That may be true, but the fact of the matter is that they fail... a lot. I know what I have seen, you're free to have seen something else.


----------



## Canon Rumors Guy (Jul 19, 2021)

Skyscraperfan said:


> I know what you mean, but that still should not stop us from criticizing marketing decisions. For example I would probably never by a Porsche, even if I had the money, but I will always say that I hate that fake motor sounds. They (and other automakers) have built secret loudspeakers into their cars that produce the motor sound some customers want. I will also criticize that some luxury apartments cost millions of dollars, but you can't open any windows there.
> 
> You say that not having to use an adapter is already good enough for some, but then I have to ask why people, who use their cameras for sports or bird photography and will never use a lens that profits from the shorter flange distance of the RF mount, are also forced to switch to the RF mount, as Canon pretty much abandons the EF mount. Those people probably already earn a 600mm EF lens and now they might learn that they have to switch to the RF version, because the EF version might explode, if you use it with an adapter. What advantage does a sports photographer really have from the RF mount? Wouldn't he prefer a mirrorless camera with an EF mount, which would allow him to keep all his long telephoto lenses? For me it feels like a kind of blackmail by Canon. They only give you all the advantages of a mirrorless camera like IBIS and the much better autofocus, if you switch to the RF mount. Of course that is their way to generate the most money, but it may not be in the interest of their loyal customers.

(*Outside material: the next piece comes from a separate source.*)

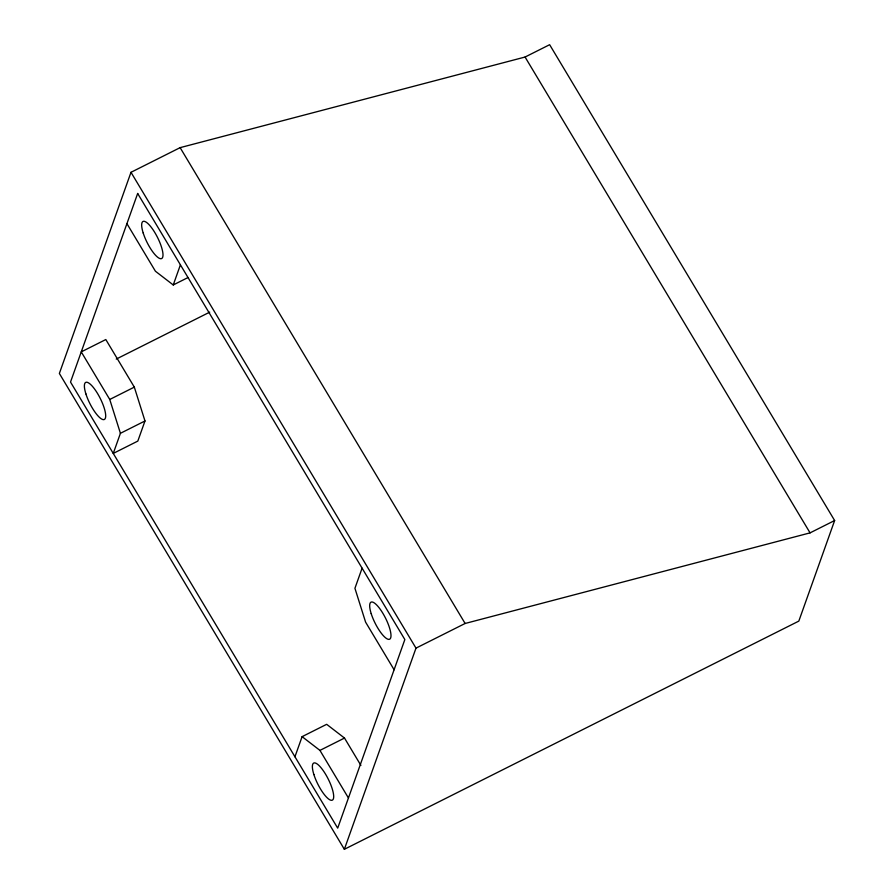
<?xml version="1.0" encoding="UTF-8"?>
<svg xmlns="http://www.w3.org/2000/svg" width="894" height="894" viewBox="0 0 894 894"><rect width="100%" height="100%" fill="white"/><g stroke="black" fill="none" stroke-linecap="round" stroke-linejoin="round"><path stroke-width="1.34" d="M130.993 172.307L59.362 373.468L344.358 849.3L798.823 621.106L834.638 520.531L549.642 44.7L525.069 57.037L180.13 147.644L130.993 172.307L415.989 648.139L344.358 849.3M120.422 433.311L113.259 453.426L137.821 441.088L144.984 420.973L134.323 387.124L105.816 339.541L81.253 351.878L109.75 399.462L120.422 433.311L144.984 420.973M126.914 223.645L155.422 271.228L173.246 284.962L180.409 264.847M294.942 756.771L302.105 736.656L326.668 724.319L344.503 738.053L360.897 765.409M362.092 568.182L354.929 588.297L365.601 622.146L394.098 669.729M173.246 284.962L187.986 277.553M116.254 359.086L209.71 312.151M109.75 399.462L134.323 387.124M415.989 648.139L465.126 623.476L810.065 532.869L834.638 520.531M302.105 736.656L319.94 750.39L344.503 738.053M525.069 57.037L810.065 532.869M180.13 147.644L465.126 623.476M319.94 750.39L348.436 797.973M137.665 193.473L70.514 382.051L337.697 828.146L404.848 639.556L137.665 193.473M85.891 393.896A20.752 5.789 63.3 0 0 104.33 419.487A20.752 5.789 63.3 0 0 94.865 389.426A20.752 5.789 63.3 0 0 85.891 393.896M313.883 774.562A20.752 5.789 63.3 0 0 332.333 800.152A20.752 5.789 63.3 0 0 322.857 770.092A20.752 5.789 63.3 0 0 313.883 774.562M371.189 613.63A20.752 5.789 63.3 0 0 389.639 639.221A20.752 5.789 63.3 0 0 380.162 609.172A20.752 5.789 63.3 0 0 371.189 613.63M143.185 232.965A20.752 5.789 63.3 0 0 161.635 258.556A20.752 5.789 63.3 0 0 152.17 228.506A20.752 5.789 63.3 0 0 143.185 232.965"/></g></svg>

For the record, there are no "secret" loudspeakers. There is a cabin noise processor in these cars for engine sound that comes through the audio system, if you don't like the sound, just unplug it. Most of them are in the trunk of the car or behind the dash.

Secondly, anyone that uses a big white lens professionally knows that adapters and teleconverters are the weakest link, and it's up to the shooter to decide whether or not they care.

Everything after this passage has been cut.